> _WHAT IS EXPECTED_
In the listing below, look for "mechanical" and copy every line that has it.

> _DATASET_
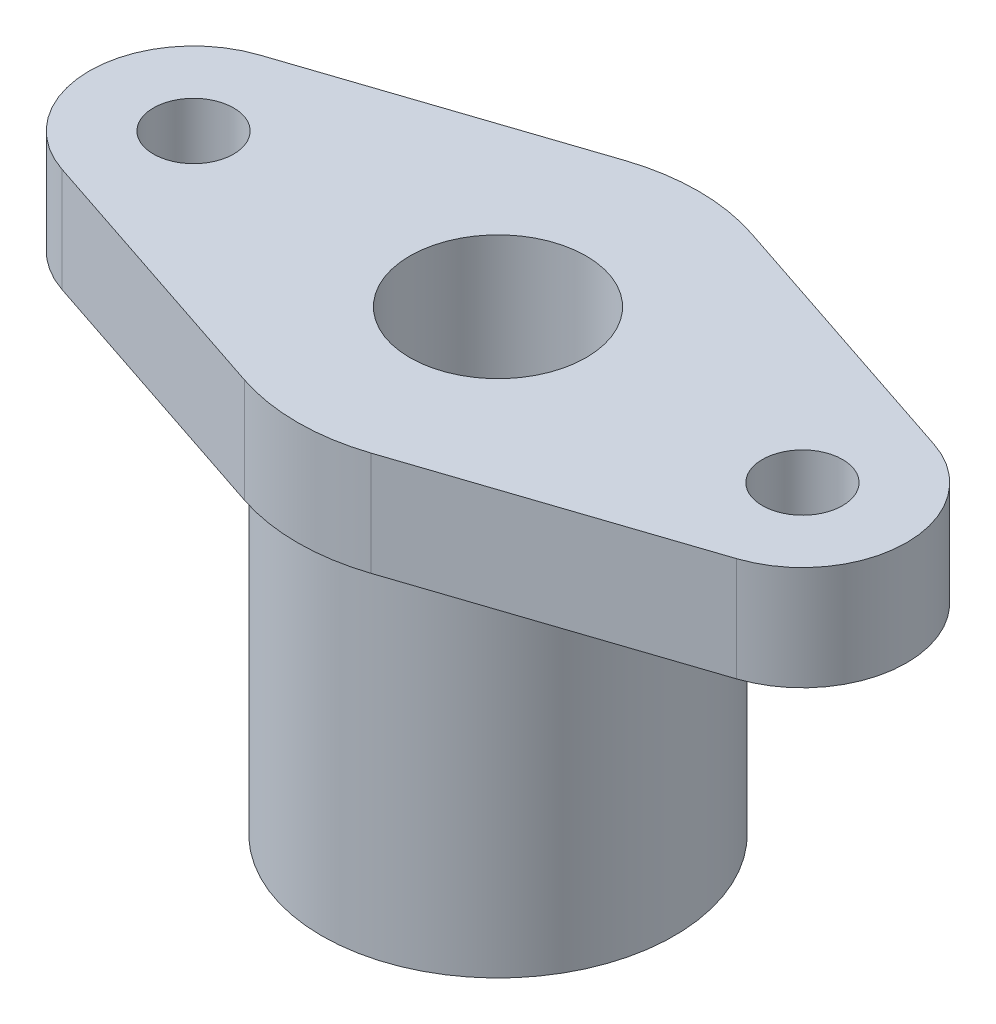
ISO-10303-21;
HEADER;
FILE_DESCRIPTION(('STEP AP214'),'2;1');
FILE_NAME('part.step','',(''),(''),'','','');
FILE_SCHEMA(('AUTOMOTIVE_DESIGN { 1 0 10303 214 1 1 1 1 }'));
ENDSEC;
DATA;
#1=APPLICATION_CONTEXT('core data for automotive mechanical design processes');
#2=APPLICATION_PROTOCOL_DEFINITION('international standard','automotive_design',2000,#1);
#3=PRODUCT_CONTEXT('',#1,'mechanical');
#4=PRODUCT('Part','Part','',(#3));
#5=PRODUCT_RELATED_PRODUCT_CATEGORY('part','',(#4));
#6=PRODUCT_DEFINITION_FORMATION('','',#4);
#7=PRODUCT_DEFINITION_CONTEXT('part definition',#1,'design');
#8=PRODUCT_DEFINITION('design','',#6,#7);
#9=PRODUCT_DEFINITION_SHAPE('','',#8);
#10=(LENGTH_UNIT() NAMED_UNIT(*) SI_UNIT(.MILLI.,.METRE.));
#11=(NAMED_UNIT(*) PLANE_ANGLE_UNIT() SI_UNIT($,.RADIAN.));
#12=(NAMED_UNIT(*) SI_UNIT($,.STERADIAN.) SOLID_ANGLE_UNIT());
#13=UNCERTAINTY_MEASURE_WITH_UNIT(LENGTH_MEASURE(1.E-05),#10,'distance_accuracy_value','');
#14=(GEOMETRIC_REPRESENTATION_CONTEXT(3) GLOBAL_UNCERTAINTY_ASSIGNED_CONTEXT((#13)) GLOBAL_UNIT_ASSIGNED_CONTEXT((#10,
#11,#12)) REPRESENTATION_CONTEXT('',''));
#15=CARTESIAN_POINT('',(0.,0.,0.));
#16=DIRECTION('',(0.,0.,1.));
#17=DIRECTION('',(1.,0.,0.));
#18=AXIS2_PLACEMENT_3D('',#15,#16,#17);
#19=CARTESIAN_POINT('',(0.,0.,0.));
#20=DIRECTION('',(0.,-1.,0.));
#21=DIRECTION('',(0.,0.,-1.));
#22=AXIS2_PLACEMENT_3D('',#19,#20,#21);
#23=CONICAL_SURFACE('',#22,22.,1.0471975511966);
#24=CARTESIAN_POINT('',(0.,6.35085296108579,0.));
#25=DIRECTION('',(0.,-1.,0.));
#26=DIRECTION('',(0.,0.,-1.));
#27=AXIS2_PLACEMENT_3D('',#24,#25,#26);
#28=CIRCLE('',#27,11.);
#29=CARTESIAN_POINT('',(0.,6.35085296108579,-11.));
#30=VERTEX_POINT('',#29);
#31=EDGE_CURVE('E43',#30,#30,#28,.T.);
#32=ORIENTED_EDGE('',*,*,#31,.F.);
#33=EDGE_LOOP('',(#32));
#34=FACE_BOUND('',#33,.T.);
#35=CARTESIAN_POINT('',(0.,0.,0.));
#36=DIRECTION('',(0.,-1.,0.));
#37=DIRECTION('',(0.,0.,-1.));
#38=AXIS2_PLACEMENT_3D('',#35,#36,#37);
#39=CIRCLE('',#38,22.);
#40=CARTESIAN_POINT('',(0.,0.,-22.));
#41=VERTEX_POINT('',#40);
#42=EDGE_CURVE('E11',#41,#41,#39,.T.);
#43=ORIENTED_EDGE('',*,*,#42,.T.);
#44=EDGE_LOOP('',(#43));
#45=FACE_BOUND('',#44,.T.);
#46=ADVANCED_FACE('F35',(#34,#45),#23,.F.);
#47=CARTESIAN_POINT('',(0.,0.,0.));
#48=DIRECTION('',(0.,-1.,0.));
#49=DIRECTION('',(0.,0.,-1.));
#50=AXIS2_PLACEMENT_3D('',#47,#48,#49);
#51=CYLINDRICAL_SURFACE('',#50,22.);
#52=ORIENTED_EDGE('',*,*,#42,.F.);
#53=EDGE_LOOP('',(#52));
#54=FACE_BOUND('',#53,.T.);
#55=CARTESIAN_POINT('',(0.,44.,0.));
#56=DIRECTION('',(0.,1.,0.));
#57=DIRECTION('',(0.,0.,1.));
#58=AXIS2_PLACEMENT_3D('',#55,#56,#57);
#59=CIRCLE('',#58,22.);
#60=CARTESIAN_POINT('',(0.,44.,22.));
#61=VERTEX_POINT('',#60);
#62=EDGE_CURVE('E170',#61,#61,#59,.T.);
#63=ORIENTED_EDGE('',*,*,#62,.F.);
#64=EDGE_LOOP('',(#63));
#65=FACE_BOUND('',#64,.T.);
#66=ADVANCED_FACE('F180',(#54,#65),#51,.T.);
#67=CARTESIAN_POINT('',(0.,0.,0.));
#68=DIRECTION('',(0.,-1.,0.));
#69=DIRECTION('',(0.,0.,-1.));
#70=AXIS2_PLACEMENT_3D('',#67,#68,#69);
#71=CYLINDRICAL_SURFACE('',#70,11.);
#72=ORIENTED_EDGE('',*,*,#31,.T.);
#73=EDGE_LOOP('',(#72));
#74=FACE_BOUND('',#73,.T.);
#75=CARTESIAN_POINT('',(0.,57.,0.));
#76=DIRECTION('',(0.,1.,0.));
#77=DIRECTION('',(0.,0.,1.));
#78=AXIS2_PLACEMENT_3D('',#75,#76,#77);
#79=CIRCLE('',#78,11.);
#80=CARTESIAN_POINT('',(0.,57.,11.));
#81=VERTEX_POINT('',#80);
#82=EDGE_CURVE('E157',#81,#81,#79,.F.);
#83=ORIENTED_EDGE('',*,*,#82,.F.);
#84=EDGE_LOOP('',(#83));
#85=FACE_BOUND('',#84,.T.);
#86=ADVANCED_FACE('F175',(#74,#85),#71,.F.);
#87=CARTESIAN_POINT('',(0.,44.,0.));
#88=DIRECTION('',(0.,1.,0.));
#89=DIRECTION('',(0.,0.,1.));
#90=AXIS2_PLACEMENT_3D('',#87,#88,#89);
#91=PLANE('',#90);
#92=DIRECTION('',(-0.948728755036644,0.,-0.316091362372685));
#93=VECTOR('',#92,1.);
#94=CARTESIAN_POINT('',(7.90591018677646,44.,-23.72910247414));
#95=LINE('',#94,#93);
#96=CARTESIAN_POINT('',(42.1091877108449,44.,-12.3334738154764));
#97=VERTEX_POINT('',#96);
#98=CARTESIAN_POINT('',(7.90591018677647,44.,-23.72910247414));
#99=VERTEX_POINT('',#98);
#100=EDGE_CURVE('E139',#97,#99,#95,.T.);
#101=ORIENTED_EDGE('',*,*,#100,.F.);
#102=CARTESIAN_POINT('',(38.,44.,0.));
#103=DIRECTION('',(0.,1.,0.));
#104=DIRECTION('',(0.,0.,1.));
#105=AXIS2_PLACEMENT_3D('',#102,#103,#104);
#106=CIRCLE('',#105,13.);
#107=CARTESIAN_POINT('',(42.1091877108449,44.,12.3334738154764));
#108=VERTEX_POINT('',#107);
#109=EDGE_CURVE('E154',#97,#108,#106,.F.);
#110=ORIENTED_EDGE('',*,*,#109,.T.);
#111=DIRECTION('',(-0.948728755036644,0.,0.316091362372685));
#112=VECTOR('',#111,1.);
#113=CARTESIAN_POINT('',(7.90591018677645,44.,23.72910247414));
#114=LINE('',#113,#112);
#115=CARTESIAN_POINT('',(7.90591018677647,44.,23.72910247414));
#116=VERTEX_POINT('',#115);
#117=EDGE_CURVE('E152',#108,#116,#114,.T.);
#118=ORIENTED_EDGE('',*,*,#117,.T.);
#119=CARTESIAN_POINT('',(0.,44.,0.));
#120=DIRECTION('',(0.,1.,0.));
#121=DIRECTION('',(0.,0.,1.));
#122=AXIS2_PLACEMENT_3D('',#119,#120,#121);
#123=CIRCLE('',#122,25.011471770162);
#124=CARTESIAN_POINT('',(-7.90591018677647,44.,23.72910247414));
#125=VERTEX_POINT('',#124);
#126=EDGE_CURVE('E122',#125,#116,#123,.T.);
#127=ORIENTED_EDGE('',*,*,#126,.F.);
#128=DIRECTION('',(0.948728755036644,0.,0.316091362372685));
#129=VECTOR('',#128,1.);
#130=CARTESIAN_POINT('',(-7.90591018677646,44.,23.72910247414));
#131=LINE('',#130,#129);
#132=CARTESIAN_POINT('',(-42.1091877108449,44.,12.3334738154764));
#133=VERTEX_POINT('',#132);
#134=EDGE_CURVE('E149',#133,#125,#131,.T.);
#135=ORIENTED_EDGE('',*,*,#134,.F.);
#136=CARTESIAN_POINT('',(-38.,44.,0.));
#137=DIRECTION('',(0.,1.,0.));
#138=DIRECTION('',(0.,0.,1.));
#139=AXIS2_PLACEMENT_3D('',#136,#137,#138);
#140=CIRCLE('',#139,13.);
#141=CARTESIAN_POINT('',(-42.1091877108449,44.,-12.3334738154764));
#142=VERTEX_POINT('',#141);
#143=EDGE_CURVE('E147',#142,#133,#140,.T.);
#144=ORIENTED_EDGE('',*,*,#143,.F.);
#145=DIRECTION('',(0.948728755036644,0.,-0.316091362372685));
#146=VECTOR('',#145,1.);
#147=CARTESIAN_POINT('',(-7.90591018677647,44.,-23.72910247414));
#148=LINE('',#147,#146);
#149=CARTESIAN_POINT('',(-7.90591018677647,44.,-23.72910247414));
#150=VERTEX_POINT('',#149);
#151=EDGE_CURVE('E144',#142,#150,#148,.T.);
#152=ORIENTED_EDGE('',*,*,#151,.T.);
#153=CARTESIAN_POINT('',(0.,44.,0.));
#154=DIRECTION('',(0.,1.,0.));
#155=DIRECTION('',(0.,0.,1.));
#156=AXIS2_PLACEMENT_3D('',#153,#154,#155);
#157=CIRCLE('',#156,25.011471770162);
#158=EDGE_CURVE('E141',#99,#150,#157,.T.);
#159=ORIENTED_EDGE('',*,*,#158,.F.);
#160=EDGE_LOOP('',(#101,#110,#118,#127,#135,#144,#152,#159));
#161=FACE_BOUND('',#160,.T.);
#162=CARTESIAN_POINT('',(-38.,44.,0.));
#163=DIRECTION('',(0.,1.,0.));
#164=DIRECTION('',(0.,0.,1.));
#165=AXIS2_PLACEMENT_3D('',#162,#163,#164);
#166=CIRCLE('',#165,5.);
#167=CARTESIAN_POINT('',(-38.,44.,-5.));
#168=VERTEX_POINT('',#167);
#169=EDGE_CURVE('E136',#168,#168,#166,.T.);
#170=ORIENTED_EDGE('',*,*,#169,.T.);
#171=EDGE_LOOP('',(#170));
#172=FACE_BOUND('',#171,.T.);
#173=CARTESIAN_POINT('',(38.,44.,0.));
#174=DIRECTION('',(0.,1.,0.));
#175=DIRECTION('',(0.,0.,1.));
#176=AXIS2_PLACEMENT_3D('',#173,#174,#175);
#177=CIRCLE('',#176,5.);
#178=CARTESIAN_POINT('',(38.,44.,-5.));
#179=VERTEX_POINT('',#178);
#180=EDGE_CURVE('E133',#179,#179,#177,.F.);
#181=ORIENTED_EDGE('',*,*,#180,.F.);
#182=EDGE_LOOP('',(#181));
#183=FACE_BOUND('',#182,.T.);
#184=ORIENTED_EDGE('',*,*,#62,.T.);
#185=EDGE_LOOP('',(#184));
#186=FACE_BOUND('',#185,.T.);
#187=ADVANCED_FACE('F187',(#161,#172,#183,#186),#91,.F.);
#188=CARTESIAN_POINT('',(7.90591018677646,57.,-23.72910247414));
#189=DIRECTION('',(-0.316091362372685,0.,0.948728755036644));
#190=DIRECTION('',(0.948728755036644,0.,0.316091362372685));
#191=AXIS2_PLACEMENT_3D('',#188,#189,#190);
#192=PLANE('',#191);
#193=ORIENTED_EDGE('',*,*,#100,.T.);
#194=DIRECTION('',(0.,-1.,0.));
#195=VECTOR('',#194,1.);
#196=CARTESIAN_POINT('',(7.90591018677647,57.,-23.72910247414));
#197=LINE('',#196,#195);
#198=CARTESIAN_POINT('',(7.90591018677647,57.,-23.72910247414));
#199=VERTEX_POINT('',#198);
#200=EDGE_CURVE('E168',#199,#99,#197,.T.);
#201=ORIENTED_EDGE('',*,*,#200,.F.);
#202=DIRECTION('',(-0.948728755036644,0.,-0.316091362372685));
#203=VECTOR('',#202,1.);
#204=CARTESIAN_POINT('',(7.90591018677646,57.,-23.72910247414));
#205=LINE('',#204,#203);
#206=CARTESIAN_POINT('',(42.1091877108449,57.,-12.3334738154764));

> _RESPONSE BOX_
#1=APPLICATION_CONTEXT('core data for automotive mechanical design processes');
#3=PRODUCT_CONTEXT('',#1,'mechanical');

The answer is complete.